The question I always ask when someone ask me this is: *Do you want to print shirts or sell shirts?*

As to transfers? Plastisol transfers could work for you, but you need the heatpress for them.


----------



## Preston (Mar 21, 2006)

AnonBri said:


> The original plan was to outsource the shirt, get around 100 made, and try to break even (mostly to get people wearing our brand). We have an online store and have not had luck selling pre-designed shirts in the past, so we're skeptical about getting a bunch made. (custom made has been really popular so far, not pre-made designs)
> 
> However, we think shirts haven't sold because the designs have been too simple (made with vinyl) and the price a little higher then what people want to pay. So we think we could sell a lot of screen-printed shirts because the design would be better and the price lower.
> 
> ...


Both printing them yourself or outsourcing have pros and cons.

For outsourcing you have already touched on the tied up inventory issue/ You will also not have control of the quality of the printing. It may be fine and it may be horrific. 

To print them yourself will require some kind of investment in all the equipment and supplies you will need. Then there is the learning curve and that can take some time.

Having plastisol transfer made would probably be your best first step to allow you to test the waters. You could then just heat press them on the shirts when they where ordered. This way you will not be tying up a lot of money in inventory or screen printing equipment. You could always get your own equipment later and make the transition into in-house production.


----------



## AnonBri (Jun 20, 2012)

headfirst said:


> The question I always ask when someone ask me this is: *Do you want to print shirts or sell shirts?*
> 
> As to transfers? Plastisol transfers could work for you, but you need the heatpress for them.


We're looking to sell shirts. If we ever have custom orders there almost always under 10 shirts, sometimes under 5. Which our operation is setup to handle.

We just wanted to get the above design made in bulk because we can't handle the design in the first place (we do vinyl shirts right now) and we wanted them made for less cost. 

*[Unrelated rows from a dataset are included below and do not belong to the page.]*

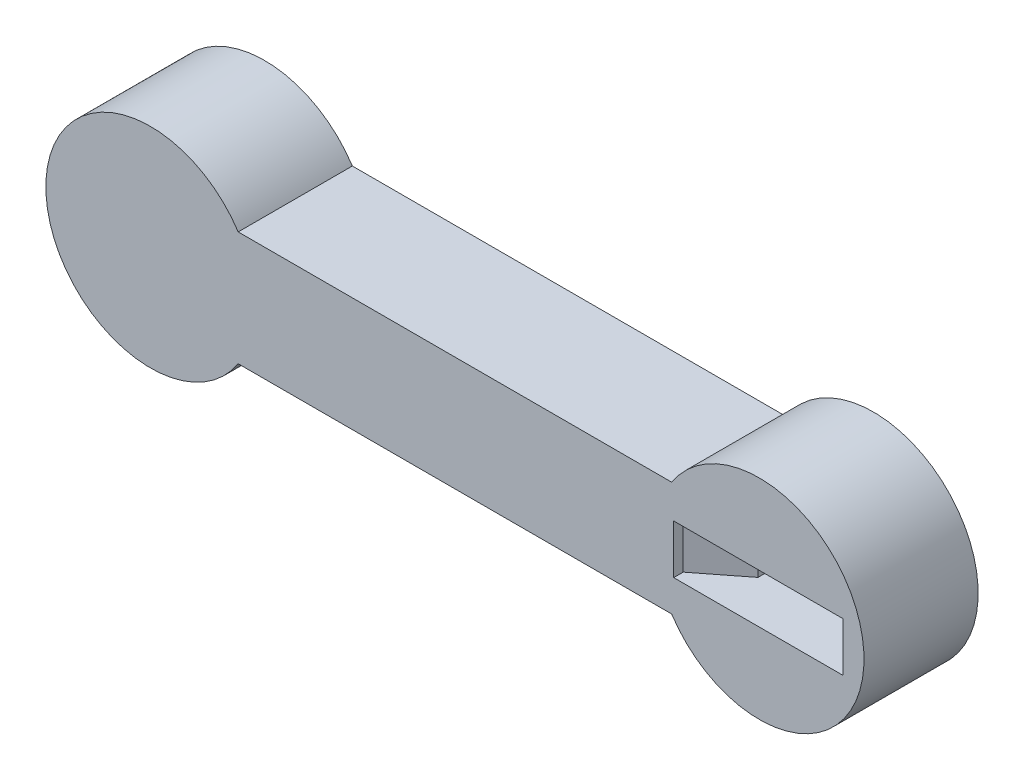
ISO-10303-21;
HEADER;
FILE_DESCRIPTION(('STEP AP214'),'2;1');
FILE_NAME('part.step','',(''),(''),'','','');
FILE_SCHEMA(('AUTOMOTIVE_DESIGN { 1 0 10303 214 1 1 1 1 }'));
ENDSEC;
DATA;
#1=APPLICATION_CONTEXT('core data for automotive mechanical design processes');
#2=APPLICATION_PROTOCOL_DEFINITION('international standard','automotive_design',2000,#1);
#3=PRODUCT_CONTEXT('',#1,'mechanical');
#4=PRODUCT('Part','Part','',(#3));
#5=PRODUCT_RELATED_PRODUCT_CATEGORY('part','',(#4));
#6=PRODUCT_DEFINITION_FORMATION('','',#4);
#7=PRODUCT_DEFINITION_CONTEXT('part definition',#1,'design');
#8=PRODUCT_DEFINITION('design','',#6,#7);
#9=PRODUCT_DEFINITION_SHAPE('','',#8);
#10=(LENGTH_UNIT() NAMED_UNIT(*) SI_UNIT(.MILLI.,.METRE.));
#11=(NAMED_UNIT(*) PLANE_ANGLE_UNIT() SI_UNIT($,.RADIAN.));
#12=(NAMED_UNIT(*) SI_UNIT($,.STERADIAN.) SOLID_ANGLE_UNIT());
#13=UNCERTAINTY_MEASURE_WITH_UNIT(LENGTH_MEASURE(1.E-05),#10,'distance_accuracy_value','');
#14=(GEOMETRIC_REPRESENTATION_CONTEXT(3) GLOBAL_UNCERTAINTY_ASSIGNED_CONTEXT((#13)) GLOBAL_UNIT_ASSIGNED_CONTEXT((#10,
#11,#12)) REPRESENTATION_CONTEXT('',''));
#15=CARTESIAN_POINT('',(0.,0.,0.));
#16=DIRECTION('',(0.,0.,1.));
#17=DIRECTION('',(1.,0.,0.));
#18=AXIS2_PLACEMENT_3D('',#15,#16,#17);
#19=CARTESIAN_POINT('',(0.,0.,30.));
#20=DIRECTION('',(0.,0.,1.));
#21=DIRECTION('',(1.,0.,0.));
#22=AXIS2_PLACEMENT_3D('',#19,#20,#21);
#23=PLANE('',#22);
#24=DIRECTION('',(-1.,0.,0.));
#25=VECTOR('',#24,1.);
#26=CARTESIAN_POINT('',(0.,6.45000000000005,30.));
#27=LINE('',#26,#25);
#28=CARTESIAN_POINT('',(181.919342789878,6.45000000000005,30.));
#29=VERTEX_POINT('',#28);
#30=CARTESIAN_POINT('',(137.49791436977,6.45,30.));
#31=VERTEX_POINT('',#30);
#32=EDGE_CURVE('E182',#29,#31,#27,.T.);
#33=ORIENTED_EDGE('',*,*,#32,.F.);
#34=DIRECTION('',(0.,-1.,0.));
#35=VECTOR('',#34,1.);
#36=CARTESIAN_POINT('',(181.919342789878,6.45000000000005,30.));
#37=LINE('',#36,#35);
#38=CARTESIAN_POINT('',(181.919342789878,-6.44999999999995,30.));
#39=VERTEX_POINT('',#38);
#40=EDGE_CURVE('E189',#29,#39,#37,.T.);
#41=ORIENTED_EDGE('',*,*,#40,.T.);
#42=DIRECTION('',(1.,0.,0.));
#43=VECTOR('',#42,1.);
#44=CARTESIAN_POINT('',(0.,-6.44999999999995,30.));
#45=LINE('',#44,#43);
#46=CARTESIAN_POINT('',(137.49791436977,-6.45,30.));
#47=VERTEX_POINT('',#46);
#48=EDGE_CURVE('E168',#47,#39,#45,.T.);
#49=ORIENTED_EDGE('',*,*,#48,.F.);
#50=DIRECTION('',(0.,-1.,0.));
#51=VECTOR('',#50,1.);
#52=CARTESIAN_POINT('',(137.49791436977,6.45,30.));
#53=LINE('',#52,#51);
#54=EDGE_CURVE('E229',#31,#47,#53,.T.);
#55=ORIENTED_EDGE('',*,*,#54,.F.);
#56=EDGE_LOOP('',(#33,#41,#49,#55));
#57=FACE_BOUND('',#56,.T.);
#58=CARTESIAN_POINT('',(0.,0.,30.));
#59=DIRECTION('',(0.,0.,1.));
#60=DIRECTION('',(1.,0.,0.));
#61=AXIS2_PLACEMENT_3D('',#58,#59,#60);
#62=CIRCLE('',#61,27.5);
#63=CARTESIAN_POINT('',(23.0488611432322,15.,30.));
#64=VERTEX_POINT('',#63);
#65=CARTESIAN_POINT('',(23.0488611432322,-15.,30.));
#66=VERTEX_POINT('',#65);
#67=EDGE_CURVE('E279',#64,#66,#62,.T.);
#68=ORIENTED_EDGE('',*,*,#67,.T.);
#69=DIRECTION('',(1.,0.,0.));
#70=VECTOR('',#69,1.);
#71=CARTESIAN_POINT('',(0.,-15.,30.));
#72=LINE('',#71,#70);
#73=CARTESIAN_POINT('',(136.951138856768,-15.,30.));
#74=VERTEX_POINT('',#73);
#75=EDGE_CURVE('E282',#66,#74,#72,.T.);
#76=ORIENTED_EDGE('',*,*,#75,.T.);
#77=CARTESIAN_POINT('',(160.,0.,30.));
#78=DIRECTION('',(0.,0.,1.));
#79=DIRECTION('',(1.,0.,0.));
#80=AXIS2_PLACEMENT_3D('',#77,#78,#79);
#81=CIRCLE('',#80,27.5);
#82=CARTESIAN_POINT('',(136.951138856768,15.,30.));
#83=VERTEX_POINT('',#82);
#84=EDGE_CURVE('E285',#74,#83,#81,.T.);
#85=ORIENTED_EDGE('',*,*,#84,.T.);
#86=DIRECTION('',(1.,0.,0.));
#87=VECTOR('',#86,1.);
#88=CARTESIAN_POINT('',(0.,15.,30.));
#89=LINE('',#88,#87);
#90=EDGE_CURVE('E287',#64,#83,#89,.T.);
#91=ORIENTED_EDGE('',*,*,#90,.F.);
#92=EDGE_LOOP('',(#68,#76,#85,#91));
#93=FACE_BOUND('',#92,.T.);
#94=ADVANCED_FACE('F43',(#57,#93),#23,.T.);
#95=CARTESIAN_POINT('',(0.,0.,4.5));
#96=DIRECTION('',(0.,0.,-1.));
#97=DIRECTION('',(-1.,0.,0.));
#98=AXIS2_PLACEMENT_3D('',#95,#96,#97);
#99=PLANE('',#98);
#100=CARTESIAN_POINT('',(151.719342789879,-8.88455975456281E-13,4.5));
#101=DIRECTION('',(0.,0.,-1.));
#102=DIRECTION('',(-1.,0.,0.));
#103=AXIS2_PLACEMENT_3D('',#100,#101,#102);
#104=CIRCLE('',#103,1.09999999999999);
#105=CARTESIAN_POINT('',(150.619342789879,-8.88455975456281E-13,4.5));
#106=VERTEX_POINT('',#105);
#107=EDGE_CURVE('E200',#106,#106,#104,.T.);
#108=ORIENTED_EDGE('',*,*,#107,.F.);
#109=EDGE_LOOP('',(#108));
#110=FACE_BOUND('',#109,.T.);
#111=DIRECTION('',(1.,0.,0.));
#112=VECTOR('',#111,1.);
#113=CARTESIAN_POINT('',(148.519342789878,6.45000000000005,4.5));
#114=LINE('',#113,#112);
#115=CARTESIAN_POINT('',(148.519342789878,6.45000000000005,4.5));
#116=VERTEX_POINT('',#115);
#117=CARTESIAN_POINT('',(153.497914369771,6.45000000000005,4.5));
#118=VERTEX_POINT('',#117);
#119=EDGE_CURVE('E250',#116,#118,#114,.T.);
#120=ORIENTED_EDGE('',*,*,#119,.T.);
#121=DIRECTION('',(0.,-1.,0.));
#122=VECTOR('',#121,1.);
#123=CARTESIAN_POINT('',(153.497914369771,0.,4.5));
#124=LINE('',#123,#122);
#125=CARTESIAN_POINT('',(153.497914369771,-6.44999999999995,4.5));
#126=VERTEX_POINT('',#125);
#127=EDGE_CURVE('E312',#118,#126,#124,.T.);
#128=ORIENTED_EDGE('',*,*,#127,.T.);
#129=DIRECTION('',(-1.,0.,0.));
#130=VECTOR('',#129,1.);
#131=CARTESIAN_POINT('',(148.519342789878,-6.44999999999995,4.5));
#132=LINE('',#131,#130);
#133=CARTESIAN_POINT('',(148.519342789878,-6.44999999999995,4.5));
#134=VERTEX_POINT('',#133);
#135=EDGE_CURVE('E256',#126,#134,#132,.T.);
#136=ORIENTED_EDGE('',*,*,#135,.T.);
#137=DIRECTION('',(0.,1.,0.));
#138=VECTOR('',#137,1.);
#139=CARTESIAN_POINT('',(148.519342789878,-6.44999999999995,4.5));
#140=LINE('',#139,#138);
#141=EDGE_CURVE('E245',#134,#116,#140,.T.);
#142=ORIENTED_EDGE('',*,*,#141,.T.);
#143=EDGE_LOOP('',(#120,#128,#136,#142));
#144=FACE_BOUND('',#143,.T.);
#145=ADVANCED_FACE('F333',(#110,#144),#99,.T.);
#146=CARTESIAN_POINT('',(0.,0.,30.));
#147=DIRECTION('',(0.,0.,-1.));
#148=DIRECTION('',(-1.,0.,0.));
#149=AXIS2_PLACEMENT_3D('',#146,#147,#148);
#150=CYLINDRICAL_SURFACE('',#149,27.5);
#151=CARTESIAN_POINT('',(0.,0.,0.));
#152=DIRECTION('',(0.,0.,1.));
#153=DIRECTION('',(1.,0.,0.));
#154=AXIS2_PLACEMENT_3D('',#151,#152,#153);
#155=CIRCLE('',#154,27.5);
#156=CARTESIAN_POINT('',(23.0488611432322,15.,0.));
#157=VERTEX_POINT('',#156);
#158=CARTESIAN_POINT('',(23.0488611432322,-15.,0.));
#159=VERTEX_POINT('',#158);
#160=EDGE_CURVE('E271',#157,#159,#155,.T.);
#161=ORIENTED_EDGE('',*,*,#160,.T.);
#162=DIRECTION('',(0.,0.,-1.));
#163=VECTOR('',#162,1.);
#164=CARTESIAN_POINT('',(23.0488611432322,-15.,30.));
#165=LINE('',#164,#163);
#166=EDGE_CURVE('E306',#66,#159,#165,.T.);
#167=ORIENTED_EDGE('',*,*,#166,.F.);
#168=ORIENTED_EDGE('',*,*,#67,.F.);
#169=DIRECTION('',(0.,0.,-1.));
#170=VECTOR('',#169,1.);
#171=CARTESIAN_POINT('',(23.0488611432322,15.,30.));
#172=LINE('',#171,#170);
#173=EDGE_CURVE('E290',#64,#157,#172,.T.);
#174=ORIENTED_EDGE('',*,*,#173,.T.);
#175=EDGE_LOOP('',(#161,#167,#168,#174));
#176=FACE_BOUND('',#175,.T.);
#177=ADVANCED_FACE('F45',(#176),#150,.T.);
#178=CARTESIAN_POINT('',(0.,-15.,30.));
#179=DIRECTION('',(0.,1.,0.));
#180=DIRECTION('',(-1.,0.,0.));
#181=AXIS2_PLACEMENT_3D('',#178,#179,#180);
#182=PLANE('',#181);
#183=DIRECTION('',(1.,0.,0.));
#184=VECTOR('',#183,1.);
#185=CARTESIAN_POINT('',(0.,-15.,0.));
#186=LINE('',#185,#184);
#187=CARTESIAN_POINT('',(136.951138856768,-15.,0.));
#188=VERTEX_POINT('',#187);
#189=EDGE_CURVE('E293',#159,#188,#186,.T.);
#190=ORIENTED_EDGE('',*,*,#189,.T.);
#191=DIRECTION('',(0.,0.,-1.));
#192=VECTOR('',#191,1.);
#193=CARTESIAN_POINT('',(136.951138856768,-15.,30.));
#194=LINE('',#193,#192);
#195=EDGE_CURVE('E303',#74,#188,#194,.T.);
#196=ORIENTED_EDGE('',*,*,#195,.F.);
#197=ORIENTED_EDGE('',*,*,#75,.F.);
#198=ORIENTED_EDGE('',*,*,#166,.T.);
#199=EDGE_LOOP('',(#190,#196,#197,#198));
#200=FACE_BOUND('',#199,.T.);
#201=ADVANCED_FACE('F404',(#200),#182,.F.);
#202=CARTESIAN_POINT('',(160.,0.,30.));
#203=DIRECTION('',(0.,0.,-1.));
#204=DIRECTION('',(-1.,0.,0.));
#205=AXIS2_PLACEMENT_3D('',#202,#203,#204);
#206=CYLINDRICAL_SURFACE('',#205,27.5);
#207=CARTESIAN_POINT('',(160.,0.,0.));
#208=DIRECTION('',(0.,0.,1.));
#209=DIRECTION('',(1.,0.,0.));
#210=AXIS2_PLACEMENT_3D('',#207,#208,#209);
#211=CIRCLE('',#210,27.5);
#212=CARTESIAN_POINT('',(136.951138856768,15.,0.));
#213=VERTEX_POINT('',#212);
#214=EDGE_CURVE('E295',#188,#213,#211,.T.);
#215=ORIENTED_EDGE('',*,*,#214,.T.);
#216=DIRECTION('',(0.,0.,-1.));
#217=VECTOR('',#216,1.);
#218=CARTESIAN_POINT('',(136.951138856768,15.,30.));
#219=LINE('',#218,#217);
#220=EDGE_CURVE('E301',#83,#213,#219,.T.);
#221=ORIENTED_EDGE('',*,*,#220,.F.);
#222=ORIENTED_EDGE('',*,*,#84,.F.);
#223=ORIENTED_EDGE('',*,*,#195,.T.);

We do already own a heat press and other basic equipment (cutter, adobe design programs, etc) and have been up and running as a web-based business for a little over 7 months now.



Preston said:


> Both printing them yourself or outsourcing have pros and cons.
> 
> For outsourcing you have already touched on the tied up inventory issue/ You will also not have control of the quality of the printing. It may be fine and it may be horrific.
> 
> ...


Yes we have definitely decided to go with plastisol transfers for the time being. I've read a good percentage of the threads on it now  sounds perfect for our first few runs and shirt designs!


----------